**Problem statement**: Please restate, word for word, the lines below that begin at the one with "constraint symmetric L3.start L12 L3.end" and end at the one with "bodies 1 2 3". Leave out all other lines.

Items from a dataset:
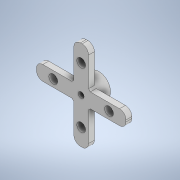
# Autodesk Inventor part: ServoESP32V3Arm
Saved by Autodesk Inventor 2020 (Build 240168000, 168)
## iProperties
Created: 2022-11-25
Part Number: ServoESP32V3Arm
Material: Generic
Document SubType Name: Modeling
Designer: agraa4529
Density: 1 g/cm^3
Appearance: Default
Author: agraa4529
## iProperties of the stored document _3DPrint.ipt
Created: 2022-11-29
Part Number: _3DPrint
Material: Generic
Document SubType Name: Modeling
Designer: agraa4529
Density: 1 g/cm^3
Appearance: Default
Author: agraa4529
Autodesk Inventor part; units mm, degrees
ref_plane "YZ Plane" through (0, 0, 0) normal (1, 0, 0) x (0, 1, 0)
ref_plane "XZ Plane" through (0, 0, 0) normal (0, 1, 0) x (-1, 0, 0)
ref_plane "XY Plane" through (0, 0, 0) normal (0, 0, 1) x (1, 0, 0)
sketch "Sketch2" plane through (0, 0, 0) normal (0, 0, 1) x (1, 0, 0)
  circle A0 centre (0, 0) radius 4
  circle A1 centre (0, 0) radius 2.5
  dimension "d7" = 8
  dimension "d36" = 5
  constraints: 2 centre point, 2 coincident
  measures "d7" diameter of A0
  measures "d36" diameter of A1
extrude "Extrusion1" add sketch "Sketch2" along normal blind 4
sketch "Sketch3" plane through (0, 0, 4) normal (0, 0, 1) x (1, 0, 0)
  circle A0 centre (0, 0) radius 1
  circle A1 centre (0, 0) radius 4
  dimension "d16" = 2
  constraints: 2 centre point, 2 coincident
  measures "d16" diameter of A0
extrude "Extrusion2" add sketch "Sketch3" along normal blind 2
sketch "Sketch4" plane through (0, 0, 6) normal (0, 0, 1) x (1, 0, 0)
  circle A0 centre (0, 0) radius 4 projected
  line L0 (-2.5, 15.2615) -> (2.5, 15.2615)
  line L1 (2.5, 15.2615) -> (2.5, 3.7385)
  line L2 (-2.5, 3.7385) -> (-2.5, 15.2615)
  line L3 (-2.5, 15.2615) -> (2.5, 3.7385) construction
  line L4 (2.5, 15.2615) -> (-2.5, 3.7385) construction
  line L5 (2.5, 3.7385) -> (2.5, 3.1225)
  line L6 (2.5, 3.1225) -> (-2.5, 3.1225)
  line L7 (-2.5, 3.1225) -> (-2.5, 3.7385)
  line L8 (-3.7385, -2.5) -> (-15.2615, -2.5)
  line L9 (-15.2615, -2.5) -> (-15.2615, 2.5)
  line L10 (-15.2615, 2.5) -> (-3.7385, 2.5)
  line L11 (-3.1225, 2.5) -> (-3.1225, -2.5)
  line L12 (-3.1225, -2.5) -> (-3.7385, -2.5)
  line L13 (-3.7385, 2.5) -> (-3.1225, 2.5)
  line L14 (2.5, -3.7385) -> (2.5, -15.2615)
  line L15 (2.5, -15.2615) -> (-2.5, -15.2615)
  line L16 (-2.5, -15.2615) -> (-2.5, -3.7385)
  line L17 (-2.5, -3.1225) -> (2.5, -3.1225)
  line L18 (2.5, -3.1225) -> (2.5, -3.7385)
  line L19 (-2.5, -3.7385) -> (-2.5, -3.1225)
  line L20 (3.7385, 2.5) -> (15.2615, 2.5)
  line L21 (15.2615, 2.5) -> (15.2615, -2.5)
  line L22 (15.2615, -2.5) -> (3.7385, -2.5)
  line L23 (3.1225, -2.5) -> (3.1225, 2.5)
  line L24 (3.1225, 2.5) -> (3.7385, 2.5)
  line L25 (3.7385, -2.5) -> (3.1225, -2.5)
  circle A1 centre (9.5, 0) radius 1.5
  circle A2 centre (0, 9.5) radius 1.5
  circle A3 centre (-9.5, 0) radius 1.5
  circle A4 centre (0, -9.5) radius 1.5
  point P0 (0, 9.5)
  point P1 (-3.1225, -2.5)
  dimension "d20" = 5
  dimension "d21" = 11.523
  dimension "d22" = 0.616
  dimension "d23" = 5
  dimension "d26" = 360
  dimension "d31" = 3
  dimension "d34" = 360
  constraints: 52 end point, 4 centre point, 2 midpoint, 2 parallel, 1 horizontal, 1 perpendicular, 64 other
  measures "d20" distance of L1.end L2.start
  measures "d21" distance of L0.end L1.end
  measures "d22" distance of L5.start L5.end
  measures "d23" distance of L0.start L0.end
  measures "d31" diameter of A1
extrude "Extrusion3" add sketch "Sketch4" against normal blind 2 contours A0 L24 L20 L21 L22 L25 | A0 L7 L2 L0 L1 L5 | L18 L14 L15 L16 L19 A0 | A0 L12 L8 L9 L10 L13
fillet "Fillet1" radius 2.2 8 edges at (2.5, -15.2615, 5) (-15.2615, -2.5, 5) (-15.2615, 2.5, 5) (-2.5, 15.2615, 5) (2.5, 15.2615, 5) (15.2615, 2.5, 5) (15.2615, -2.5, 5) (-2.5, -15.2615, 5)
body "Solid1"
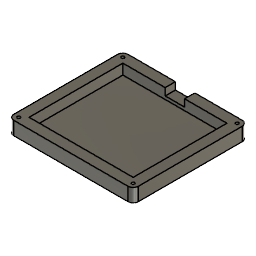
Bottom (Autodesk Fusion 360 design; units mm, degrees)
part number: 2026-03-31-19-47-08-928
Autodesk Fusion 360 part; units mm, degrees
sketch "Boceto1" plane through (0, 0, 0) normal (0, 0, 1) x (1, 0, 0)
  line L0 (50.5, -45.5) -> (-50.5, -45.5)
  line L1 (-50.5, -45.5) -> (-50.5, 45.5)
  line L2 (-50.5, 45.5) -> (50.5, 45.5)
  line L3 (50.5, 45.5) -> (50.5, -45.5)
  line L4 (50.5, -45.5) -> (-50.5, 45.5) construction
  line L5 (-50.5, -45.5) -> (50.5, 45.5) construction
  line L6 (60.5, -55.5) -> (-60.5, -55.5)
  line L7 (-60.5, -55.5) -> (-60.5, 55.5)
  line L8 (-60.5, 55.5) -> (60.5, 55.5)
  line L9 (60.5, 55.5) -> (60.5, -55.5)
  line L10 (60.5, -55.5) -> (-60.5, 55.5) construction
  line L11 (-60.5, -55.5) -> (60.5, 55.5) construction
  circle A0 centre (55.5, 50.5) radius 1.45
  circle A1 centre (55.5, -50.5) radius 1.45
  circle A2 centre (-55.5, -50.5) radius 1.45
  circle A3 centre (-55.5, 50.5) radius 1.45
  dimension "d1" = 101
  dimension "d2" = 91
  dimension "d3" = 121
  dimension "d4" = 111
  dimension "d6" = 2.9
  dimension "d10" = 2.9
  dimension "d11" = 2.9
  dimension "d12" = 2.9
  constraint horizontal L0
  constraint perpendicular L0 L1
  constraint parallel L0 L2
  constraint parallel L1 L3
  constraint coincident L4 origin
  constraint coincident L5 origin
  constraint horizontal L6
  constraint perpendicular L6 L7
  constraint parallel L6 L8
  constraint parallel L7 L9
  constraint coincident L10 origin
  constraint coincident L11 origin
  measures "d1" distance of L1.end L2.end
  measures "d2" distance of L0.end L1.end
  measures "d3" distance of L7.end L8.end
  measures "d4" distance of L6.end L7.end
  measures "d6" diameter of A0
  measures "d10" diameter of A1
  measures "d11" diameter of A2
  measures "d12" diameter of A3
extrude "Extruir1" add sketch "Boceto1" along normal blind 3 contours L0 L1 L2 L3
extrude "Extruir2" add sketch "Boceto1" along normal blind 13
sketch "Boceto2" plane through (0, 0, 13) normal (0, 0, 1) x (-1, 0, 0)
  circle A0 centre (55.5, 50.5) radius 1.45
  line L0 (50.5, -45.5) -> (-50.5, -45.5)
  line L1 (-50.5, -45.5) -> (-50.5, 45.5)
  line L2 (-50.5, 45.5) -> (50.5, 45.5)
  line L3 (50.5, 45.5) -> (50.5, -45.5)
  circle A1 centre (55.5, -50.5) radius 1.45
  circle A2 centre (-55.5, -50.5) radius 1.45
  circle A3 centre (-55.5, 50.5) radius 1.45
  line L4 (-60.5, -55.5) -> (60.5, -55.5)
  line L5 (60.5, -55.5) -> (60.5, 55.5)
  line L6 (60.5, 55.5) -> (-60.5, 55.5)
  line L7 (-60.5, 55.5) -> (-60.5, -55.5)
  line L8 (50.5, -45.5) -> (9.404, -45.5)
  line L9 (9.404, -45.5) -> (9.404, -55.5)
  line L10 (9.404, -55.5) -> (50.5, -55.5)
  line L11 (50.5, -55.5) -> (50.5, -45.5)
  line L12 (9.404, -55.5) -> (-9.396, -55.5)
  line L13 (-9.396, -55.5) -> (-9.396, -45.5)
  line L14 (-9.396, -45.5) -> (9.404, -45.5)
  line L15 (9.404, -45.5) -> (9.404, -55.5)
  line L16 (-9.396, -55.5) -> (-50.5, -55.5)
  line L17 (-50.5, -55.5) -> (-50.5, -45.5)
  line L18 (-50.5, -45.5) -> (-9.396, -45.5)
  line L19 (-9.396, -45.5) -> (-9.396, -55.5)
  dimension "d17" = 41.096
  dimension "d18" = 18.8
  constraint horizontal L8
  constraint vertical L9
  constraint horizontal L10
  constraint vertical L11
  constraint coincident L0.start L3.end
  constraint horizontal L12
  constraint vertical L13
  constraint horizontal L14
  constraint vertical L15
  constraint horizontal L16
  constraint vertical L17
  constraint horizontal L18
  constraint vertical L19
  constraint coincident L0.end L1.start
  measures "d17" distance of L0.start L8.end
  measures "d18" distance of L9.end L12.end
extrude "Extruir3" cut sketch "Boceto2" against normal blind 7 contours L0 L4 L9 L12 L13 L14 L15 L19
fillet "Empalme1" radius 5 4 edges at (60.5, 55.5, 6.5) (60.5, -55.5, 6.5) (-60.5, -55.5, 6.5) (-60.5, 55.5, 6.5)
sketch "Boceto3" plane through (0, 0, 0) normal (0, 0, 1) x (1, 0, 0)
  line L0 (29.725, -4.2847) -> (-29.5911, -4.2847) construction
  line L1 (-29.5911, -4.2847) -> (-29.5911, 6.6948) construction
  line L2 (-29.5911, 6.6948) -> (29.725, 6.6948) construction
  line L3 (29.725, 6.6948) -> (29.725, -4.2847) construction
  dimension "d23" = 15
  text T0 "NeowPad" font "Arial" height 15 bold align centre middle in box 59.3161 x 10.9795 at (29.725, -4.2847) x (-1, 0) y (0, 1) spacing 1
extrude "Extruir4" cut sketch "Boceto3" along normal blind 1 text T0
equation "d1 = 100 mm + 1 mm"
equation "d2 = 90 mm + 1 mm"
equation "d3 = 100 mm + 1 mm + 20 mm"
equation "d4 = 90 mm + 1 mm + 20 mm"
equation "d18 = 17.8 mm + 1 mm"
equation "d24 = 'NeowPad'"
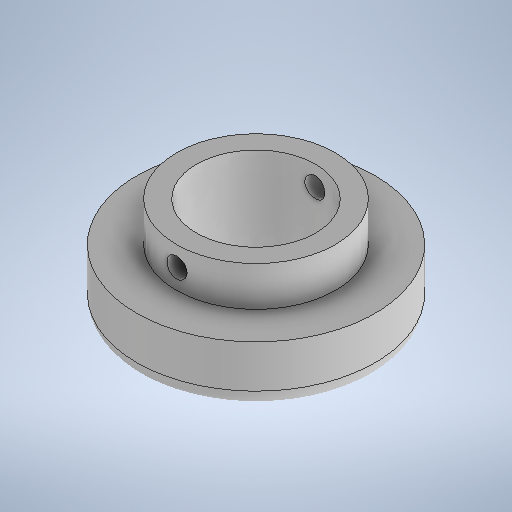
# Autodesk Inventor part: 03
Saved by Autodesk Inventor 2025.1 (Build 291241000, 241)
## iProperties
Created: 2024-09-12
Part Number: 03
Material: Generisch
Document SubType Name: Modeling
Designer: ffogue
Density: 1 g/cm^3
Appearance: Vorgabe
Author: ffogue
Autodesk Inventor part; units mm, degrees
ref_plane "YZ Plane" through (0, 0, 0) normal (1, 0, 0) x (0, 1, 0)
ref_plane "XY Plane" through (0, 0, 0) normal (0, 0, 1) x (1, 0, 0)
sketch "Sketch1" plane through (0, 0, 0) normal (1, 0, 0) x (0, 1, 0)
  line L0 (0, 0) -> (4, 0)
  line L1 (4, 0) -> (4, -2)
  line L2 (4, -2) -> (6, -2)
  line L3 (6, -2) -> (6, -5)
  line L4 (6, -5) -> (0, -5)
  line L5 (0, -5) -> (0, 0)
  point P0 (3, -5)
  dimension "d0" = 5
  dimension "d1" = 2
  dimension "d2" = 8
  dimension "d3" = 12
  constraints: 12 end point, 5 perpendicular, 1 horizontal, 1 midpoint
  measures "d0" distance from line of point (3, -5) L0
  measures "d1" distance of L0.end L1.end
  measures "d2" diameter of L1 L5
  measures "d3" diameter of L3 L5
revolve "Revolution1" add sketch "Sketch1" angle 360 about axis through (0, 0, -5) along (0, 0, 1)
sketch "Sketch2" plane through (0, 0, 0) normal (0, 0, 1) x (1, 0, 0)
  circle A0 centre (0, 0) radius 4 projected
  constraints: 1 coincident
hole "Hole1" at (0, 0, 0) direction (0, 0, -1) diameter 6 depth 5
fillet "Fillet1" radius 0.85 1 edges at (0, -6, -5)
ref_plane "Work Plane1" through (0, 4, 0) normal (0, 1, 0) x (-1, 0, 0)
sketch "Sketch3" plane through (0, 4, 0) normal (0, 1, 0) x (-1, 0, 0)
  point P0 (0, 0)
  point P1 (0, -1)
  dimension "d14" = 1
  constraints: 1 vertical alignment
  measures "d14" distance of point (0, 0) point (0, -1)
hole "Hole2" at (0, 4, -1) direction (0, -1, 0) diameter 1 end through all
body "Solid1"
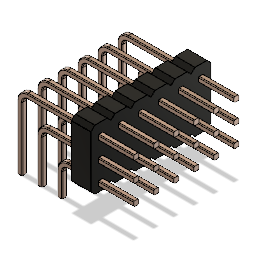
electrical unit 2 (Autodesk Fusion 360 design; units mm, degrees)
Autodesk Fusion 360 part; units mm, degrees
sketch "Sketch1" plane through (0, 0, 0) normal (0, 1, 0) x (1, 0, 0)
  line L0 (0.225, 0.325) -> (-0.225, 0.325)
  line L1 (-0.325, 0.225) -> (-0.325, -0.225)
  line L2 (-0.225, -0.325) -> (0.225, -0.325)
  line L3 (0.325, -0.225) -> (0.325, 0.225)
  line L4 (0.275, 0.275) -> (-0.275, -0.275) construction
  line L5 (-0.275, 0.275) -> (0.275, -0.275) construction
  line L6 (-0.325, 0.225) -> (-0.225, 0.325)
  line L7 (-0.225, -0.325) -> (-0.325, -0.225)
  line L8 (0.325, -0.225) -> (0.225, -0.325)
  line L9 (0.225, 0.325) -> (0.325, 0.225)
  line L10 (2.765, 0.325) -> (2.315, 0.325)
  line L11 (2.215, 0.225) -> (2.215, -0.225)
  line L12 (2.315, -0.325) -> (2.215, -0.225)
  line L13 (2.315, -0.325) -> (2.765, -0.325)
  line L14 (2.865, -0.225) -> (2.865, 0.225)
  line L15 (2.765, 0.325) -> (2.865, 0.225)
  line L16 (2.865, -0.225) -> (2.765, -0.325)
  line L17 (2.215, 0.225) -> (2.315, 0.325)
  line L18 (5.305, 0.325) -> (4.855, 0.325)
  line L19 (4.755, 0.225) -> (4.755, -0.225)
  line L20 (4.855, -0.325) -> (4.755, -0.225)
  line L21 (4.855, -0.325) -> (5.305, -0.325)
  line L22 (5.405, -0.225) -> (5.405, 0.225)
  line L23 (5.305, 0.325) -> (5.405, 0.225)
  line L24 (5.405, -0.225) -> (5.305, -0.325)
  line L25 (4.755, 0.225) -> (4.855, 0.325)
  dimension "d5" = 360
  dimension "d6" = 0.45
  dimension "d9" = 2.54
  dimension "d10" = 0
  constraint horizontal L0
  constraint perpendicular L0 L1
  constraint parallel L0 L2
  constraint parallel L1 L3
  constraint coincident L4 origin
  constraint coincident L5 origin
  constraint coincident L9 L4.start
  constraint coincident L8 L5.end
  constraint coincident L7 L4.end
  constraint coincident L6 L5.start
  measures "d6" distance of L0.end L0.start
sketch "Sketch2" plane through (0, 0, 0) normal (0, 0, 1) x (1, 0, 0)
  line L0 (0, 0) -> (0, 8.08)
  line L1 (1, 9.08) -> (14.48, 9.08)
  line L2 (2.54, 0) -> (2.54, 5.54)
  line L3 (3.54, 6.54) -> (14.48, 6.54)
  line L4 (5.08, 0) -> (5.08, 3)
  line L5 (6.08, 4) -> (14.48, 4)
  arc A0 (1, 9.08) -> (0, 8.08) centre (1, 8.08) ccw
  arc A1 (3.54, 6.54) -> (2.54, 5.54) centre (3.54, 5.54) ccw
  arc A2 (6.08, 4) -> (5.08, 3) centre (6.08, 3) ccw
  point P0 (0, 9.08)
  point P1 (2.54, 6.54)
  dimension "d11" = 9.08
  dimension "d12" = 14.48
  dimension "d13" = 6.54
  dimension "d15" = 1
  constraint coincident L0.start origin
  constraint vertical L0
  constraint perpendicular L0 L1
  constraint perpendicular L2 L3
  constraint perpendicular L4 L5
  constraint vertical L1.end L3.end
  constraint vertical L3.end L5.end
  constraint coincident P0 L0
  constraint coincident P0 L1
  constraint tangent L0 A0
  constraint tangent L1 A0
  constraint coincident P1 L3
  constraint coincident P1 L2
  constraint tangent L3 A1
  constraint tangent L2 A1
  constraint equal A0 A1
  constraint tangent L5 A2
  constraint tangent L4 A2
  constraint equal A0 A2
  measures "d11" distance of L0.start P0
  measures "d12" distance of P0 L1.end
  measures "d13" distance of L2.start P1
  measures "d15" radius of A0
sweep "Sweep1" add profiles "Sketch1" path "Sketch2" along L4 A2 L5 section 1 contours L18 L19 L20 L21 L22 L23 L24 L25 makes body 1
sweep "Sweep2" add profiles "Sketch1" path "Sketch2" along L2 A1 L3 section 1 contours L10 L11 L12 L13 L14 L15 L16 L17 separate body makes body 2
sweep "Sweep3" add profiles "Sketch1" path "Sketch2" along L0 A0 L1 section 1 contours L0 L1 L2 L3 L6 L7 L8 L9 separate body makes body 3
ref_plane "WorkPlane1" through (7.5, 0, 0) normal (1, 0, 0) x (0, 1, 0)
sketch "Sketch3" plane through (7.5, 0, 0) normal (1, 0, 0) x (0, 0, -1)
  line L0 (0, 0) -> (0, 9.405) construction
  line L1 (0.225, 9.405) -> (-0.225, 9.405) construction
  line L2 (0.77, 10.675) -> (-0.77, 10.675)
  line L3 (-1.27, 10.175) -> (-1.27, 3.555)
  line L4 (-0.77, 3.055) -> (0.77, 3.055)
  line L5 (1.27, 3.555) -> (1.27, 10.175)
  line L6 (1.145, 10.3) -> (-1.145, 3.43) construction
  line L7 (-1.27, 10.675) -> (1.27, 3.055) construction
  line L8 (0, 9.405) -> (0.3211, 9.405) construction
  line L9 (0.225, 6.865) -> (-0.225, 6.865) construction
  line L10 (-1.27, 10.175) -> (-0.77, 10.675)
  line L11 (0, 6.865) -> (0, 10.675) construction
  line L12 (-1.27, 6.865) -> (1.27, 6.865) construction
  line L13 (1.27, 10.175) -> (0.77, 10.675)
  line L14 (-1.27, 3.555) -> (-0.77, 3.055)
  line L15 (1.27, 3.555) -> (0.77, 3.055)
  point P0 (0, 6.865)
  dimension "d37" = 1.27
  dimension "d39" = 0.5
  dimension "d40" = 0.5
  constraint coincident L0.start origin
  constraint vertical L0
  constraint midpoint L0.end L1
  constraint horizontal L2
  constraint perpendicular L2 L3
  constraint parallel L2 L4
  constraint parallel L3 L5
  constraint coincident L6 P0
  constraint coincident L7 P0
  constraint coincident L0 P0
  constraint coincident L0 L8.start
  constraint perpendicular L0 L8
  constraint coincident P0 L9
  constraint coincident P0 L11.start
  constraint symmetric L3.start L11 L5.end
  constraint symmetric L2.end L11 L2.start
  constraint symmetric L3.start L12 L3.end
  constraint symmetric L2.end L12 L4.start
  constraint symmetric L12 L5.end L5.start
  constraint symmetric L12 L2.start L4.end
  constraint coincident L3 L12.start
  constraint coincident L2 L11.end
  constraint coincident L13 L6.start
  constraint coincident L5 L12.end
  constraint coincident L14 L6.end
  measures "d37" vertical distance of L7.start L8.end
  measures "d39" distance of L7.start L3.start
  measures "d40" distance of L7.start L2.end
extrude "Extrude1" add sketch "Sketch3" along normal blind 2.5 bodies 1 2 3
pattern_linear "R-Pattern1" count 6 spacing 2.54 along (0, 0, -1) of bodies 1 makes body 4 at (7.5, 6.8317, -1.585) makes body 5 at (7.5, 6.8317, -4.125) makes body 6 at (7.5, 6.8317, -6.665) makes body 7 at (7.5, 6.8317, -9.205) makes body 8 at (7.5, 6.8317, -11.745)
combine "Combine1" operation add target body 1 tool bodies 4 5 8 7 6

**Response to this exercise**:
  constraint symmetric L3.start L12 L3.end
  constraint symmetric L2.end L12 L4.start
  constraint symmetric L12 L5.end L5.start
  constraint symmetric L12 L2.start L4.end
  constraint coincident L3 L12.start
  constraint coincident L2 L11.end
  constraint coincident L13 L6.start
  constraint coincident L5 L12.end
  constraint coincident L14 L6.end
  measures "d37" vertical distance of L7.start L8.end
  measures "d39" distance of L7.start L3.start
  measures "d40" distance of L7.start L2.end
extrude "Extrude1" add sketch "Sketch3" along normal blind 2.5 bodies 1 2 3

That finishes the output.